1T Dry Minced Garlic

1tsp Allspice Berries

1tsp Mustard Seed

1tsp Dry Thyme Leaves

3 Bay Leaves, crumbled

1tsp Juniper Berries 

Add Cayenne if heat is desired.

All Spices are Whole and are toasted in a dry pan over Medium heat until fragrant. The Garlic and Onion do not need to be toasted.

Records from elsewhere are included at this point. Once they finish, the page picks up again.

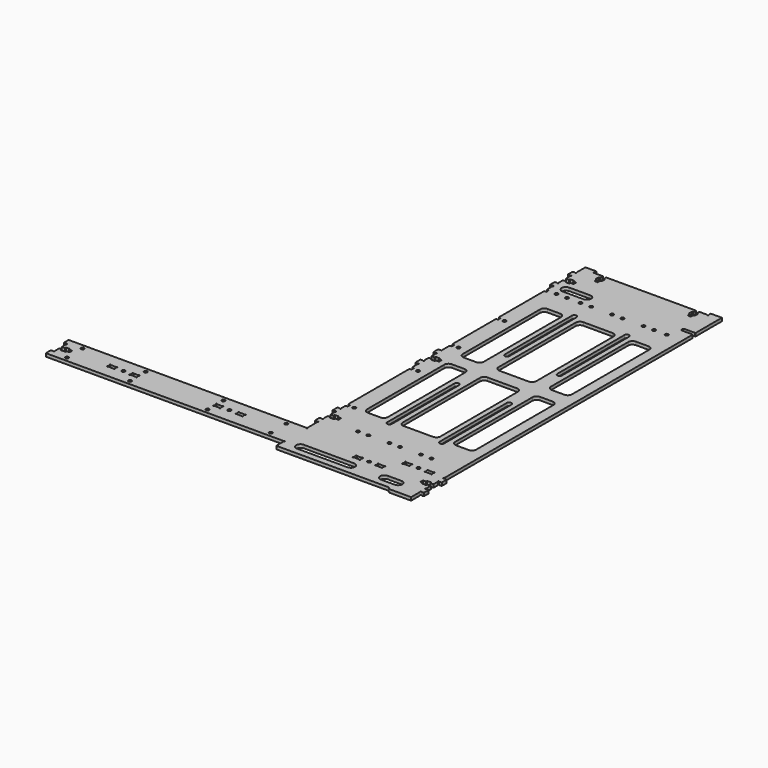
from build123d import *

# Parameters (mm, degrees)
F0_R     = 1.55
F0_R_2   = 1.6
F1_DEPTH = 3


# Not quite as in the source:
# - ends of sketch curves that miss each other by under 0.0002 mm in the source are joined


with BuildPart() as f1:
    # F0 (on Top) → F1 (new body)
    with BuildSketch(Plane.XY):
        with BuildLine():
            ThreePointArc((46.5670159066, -169.5027439461), (47.3535809076, -169.3991911264), (47.2500302369, -170.1857564104))
            ThreePointArc((47.2500302369, -170.1857564104), (47.0670190274, -170.368768469), (47.000032, -170.618767))
            Line((47.000032, -170.618767), (47.000029, -179.152731))
            Line((47.000029, -179.152731), (153.172029, -179.152731))
            ThreePointArc((153.172029, -179.152731), (153.9371645907, -179.3050534338), (154.5858130624, -179.7385159376))
            Line((154.5858130624, -179.7385159376), (155.414245, -180.566946))
            ThreePointArc((155.414245, -180.566946), (156.0630911152, -181.0004904709), (156.828457, -181.152731))
            Line((156.828457, -181.152731), (176.999999, -181.152731))
            Line((176.999999, -181.152731), (176.999998, -170.618767))
            ThreePointArc((176.999998, -170.618767), (176.9330110061, -170.368767527), (176.7499990539, -170.1857549066))
            ThreePointArc((176.7499990539, -170.1857549066), (176.6464475753, -169.3991886435), (177.4330134594, -169.5027443121))
            ThreePointArc((177.4330134594, -169.5027443121), (177.616026152, -169.6857567896), (177.866026, -169.752744))
            Line((177.866026, -169.752744), (179.500053, -169.752747))
            ThreePointArc((179.500053, -169.752747), (179.8536063906, -169.6063003906), (180.000053, -169.252747))
            Line((180.000053, -169.252747), (180.000053, -164.252749))
            ThreePointArc((180.000053, -164.252749), (179.8536063906, -163.8991956094), (179.500053, -163.752749))
            Line((179.500053, -163.752749), (177.866024, -163.752749))
            ThreePointArc((177.866024, -163.752749), (177.616024527, -163.8197359939), (177.4330119066, -164.0027479461))
            ThreePointArc((177.4330119066, -164.0027479461), (176.6464456435, -164.1062994247), (176.7500013121, -163.3197335406))
            ThreePointArc((176.7500013121, -163.3197335406), (176.9330137896, -163.136720848), (177.000001, -162.886721))
            Line((177.000001, -162.886721), (177.000001, -157.752727))
            Line((177.000001, -157.752727), (174.000029, -157.752727))
            Line((174.000029, -157.752727), (174.000029, -159.027722))
            Line((174.000029, -159.027722), (170.000001, -159.027722))
            Line((170.000001, -159.027722), (170.000001, -157.752727))
            Line((170.000001, -157.752727), (167.000001, -157.752727))
            Line((167.000001, -157.752727), (167.000001, -154.552716))
            Line((167.000001, -154.552716), (170.000001, -154.552716))
            Line((170.000001, -154.552716), (170.000001, -153.277722))
            Line((170.000001, -153.277722), (174.000029, -153.277722))
            Line((174.000029, -153.277722), (174.000029, -154.552716))
            Line((174.000029, -154.552716), (177.000001, -154.552716))
            Line((177.000001, -154.552716), (176.999998, -149.418751))
            ThreePointArc((176.999998, -149.418751), (176.9330110061, -149.168751527), (176.7499990539, -148.9857389066))
            ThreePointArc((176.7499990539, -148.9857389066), (176.6464483986, -148.1991728203), (177.4330137764, -148.3027271291))
            ThreePointArc((177.4330137764, -148.3027271291), (177.616026152, -148.4857397896), (177.866026, -148.552727))
            Line((177.866026, -148.552727), (179.500053, -148.55273))
            ThreePointArc((179.500053, -148.55273), (179.8536063906, -148.4062833906), (180.000053, -148.05273))
            Line((180.000053, -148.05273), (180.000053, -143.052733))
            ThreePointArc((180.000053, -143.052733), (179.8536063906, -142.6991796094), (179.500053, -142.552733))
            Line((179.500053, -142.552733), (177.866024, -142.552733))
            ThreePointArc((177.866024, -142.552733), (177.616024527, -142.6197199939), (177.4330119066, -142.8027319461))
            ThreePointArc((177.4330119066, -142.8027319461), (176.6464456435, -142.9062834247), (176.7500013121, -142.1197175406))
            ThreePointArc((176.7500013121, -142.1197175406), (176.9330137896, -141.936704848), (177.000001, -141.686705))
            Line((177.000001, -141.686705), (176.999999, 153.897269))
            Line((176.999999, 153.897269), (176.749999, 154.147269))
            Line((176.749999, 154.147269), (167, 154.147269))
            ThreePointArc((167, 154.147269), (165.4, 155.747269), (167, 157.347269))
            Line((167, 157.347269), (176.749999, 157.347269))
            Line((176.749999, 157.347269), (176.999999, 157.597269))
            Line((176.999999, 157.597269), (176.999999, 188.846999))
            Line((176.999999, 188.846999), (166.349997, 188.846999))
            Line((166.349997, 188.846999), (166.349997, 186.612952))
            ThreePointArc((166.349997, 186.612952), (166.4169843354, 186.3629519355), (166.5999971291, 186.1799392236))
            ThreePointArc((166.5999971291, 186.1799392236), (166.7035498736, 185.3933740924), (165.9169845896, 185.4969247631))
            ThreePointArc((165.9169845896, 185.4969247631), (165.7340559469, 185.6801182191), (165.484029, 185.7472689345))
            Line((165.484029, 185.7472689345), (157.950002, 185.747269))
            Line((157.950002, 185.747269), (157.950002, 182.746955))
            Line((157.950002, 182.746955), (159.224997, 182.746955))
            Line((159.224997, 182.746955), (159.224997, 178.746927))
            Line((159.224997, 178.746927), (157.950002, 178.746927))
            Line((157.950002, 178.746927), (157.950002, 175.746927))
            Line((157.950002, 175.746927), (154.749991, 175.746927))
            Line((154.749991, 175.746927), (154.749991, 178.746927))
            Line((154.749991, 178.746927), (153.474997, 178.746927))
            Line((153.474997, 178.746927), (153.474997, 182.746955))
            Line((153.474997, 182.746955), (154.749991, 182.746955))
            Line((154.749991, 182.746955), (154.749991, 185.746919))
            Line((154.749991, 185.746919), (69.250034, 185.747224))
            Line((69.250034, 185.747224), (69.250034, 182.747252))
            Line((69.250034, 182.747252), (70.525028, 182.747252))
            Line((70.525028, 182.747252), (70.525028, 178.747224))
            Line((70.525028, 178.747224), (69.250034, 178.747224))
            Line((69.250034, 178.747224), (69.250034, 175.747224))
            Line((69.250034, 175.747224), (66.050023, 175.747224))
            Line((66.050023, 175.747224), (66.050023, 178.747224))
            Line((66.050023, 178.747224), (64.775028, 178.747224))
            Line((64.775028, 178.747224), (64.775028, 182.747252))
            Line((64.775028, 182.747252), (66.050023, 182.747252))
            Line((66.050023, 182.747252), (66.050023, 185.747224))
            Line((66.050023, 185.747224), (58.516052, 185.747221))
            ThreePointArc((58.516052, 185.747221), (58.266052527, 185.6802340061), (58.0830399066, 185.4972220539))
            ThreePointArc((58.0830399066, 185.4972220539), (57.2964738203, 185.3936713986), (57.4000281291, 186.1802367764))
            ThreePointArc((57.4000281291, 186.1802367764), (57.5830407896, 186.363249152), (57.650028, 186.613249))
            Line((57.650028, 186.613249), (57.650028, 188.847296))
            Line((57.650028, 188.847296), (47.000029, 188.847296))
            Line((47.000029, 188.847296), (47.000029, 178.313296))
            ThreePointArc((47.000029, 178.313296), (47.0670163354, 178.0632959355), (47.2500291291, 177.8802832236))
            ThreePointArc((47.2500291291, 177.8802832236), (47.3535818736, 177.0937180924), (46.5670165896, 177.1972687631))
            ThreePointArc((46.5670165896, 177.1972687631), (46.384004098, 177.3802802226), (46.134005, 177.447267))
            Line((46.134005, 177.447267), (44.499977, 177.447267))
            ThreePointArc((44.499977, 177.447267), (44.1464236094, 177.3008203906), (43.999977, 176.947267))
            Line((43.999977, 176.947267), (43.999977, 171.94727))
            ThreePointArc((43.999977, 171.94727), (44.1464236094, 171.5937166094), (44.499977, 171.44727))
            Line((44.499977, 171.44727), (46.134003, 171.447273))
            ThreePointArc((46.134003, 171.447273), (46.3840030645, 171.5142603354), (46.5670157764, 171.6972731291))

Let the Spices cool then Grind in a cheapo Coffee Grinder until slightly less than Coarse. Mix with the Salt and Sugar. Store in an air tight container. Makes about a Half cup.


----------



## themule69 (Jul 15, 2013)

As always JJ
	

	
	
		
		



		
			






Happy smoken.

David


----------



## beano (Jul 15, 2013)

I used the eat barbecue purposeful rub I got at Kansas city BBQ store.. The boys behind the counter recommended it. I liked it just lookin for a nice rub minus a lot of pepper....or find a new group of friends lol


----------



## chef jimmyj (Jul 15, 2013)

The Rub I posted above, like anything you make, is adjustable. As is it too is fairly Pepper forward and I posted it for comparison. You can cut the Black Pepper to 1 Tablespoon or even start with 1 teaspoon an adjust from there. Or give this All Purpose Rub a try...JJ

Mild Bubba Q Rub

1/2C Sugar in the Raw (Turbinado)

2T Sweet Paprika (Hungarian)

1T Kosher Salt

1T Chili Powder (contains some Cumin and Oregano) Ancho Chile is same without cumin, oregano etc.

1T Granulated Garlic

1T Granulated Onion

1tsp Black Pepper, more if you like

1tsp Thyme

1tsp Oregano

1/2tsp Grnd Allspice

Cayenne or Chipotle Pwd to taste, start with 1/2tsp and go from there.


----------



## gary morris (Jul 16, 2013)

If it's a store bought rub, could you add a neutral (ish) ingredient - something that won't alter the flavour too much like, mild paprika? And / or a little more salt, sugar, or any other ingredient that's part of the recipe.


----------



## chef jimmyj (Jul 16, 2013)

Gary Morris said:


> If it's a store bought rub, could you add a neutral (ish) ingredient - something that won't alter the flavour too much like, mild paprika? And / or a little more salt, sugar, or any other ingredient that's part of the recipe.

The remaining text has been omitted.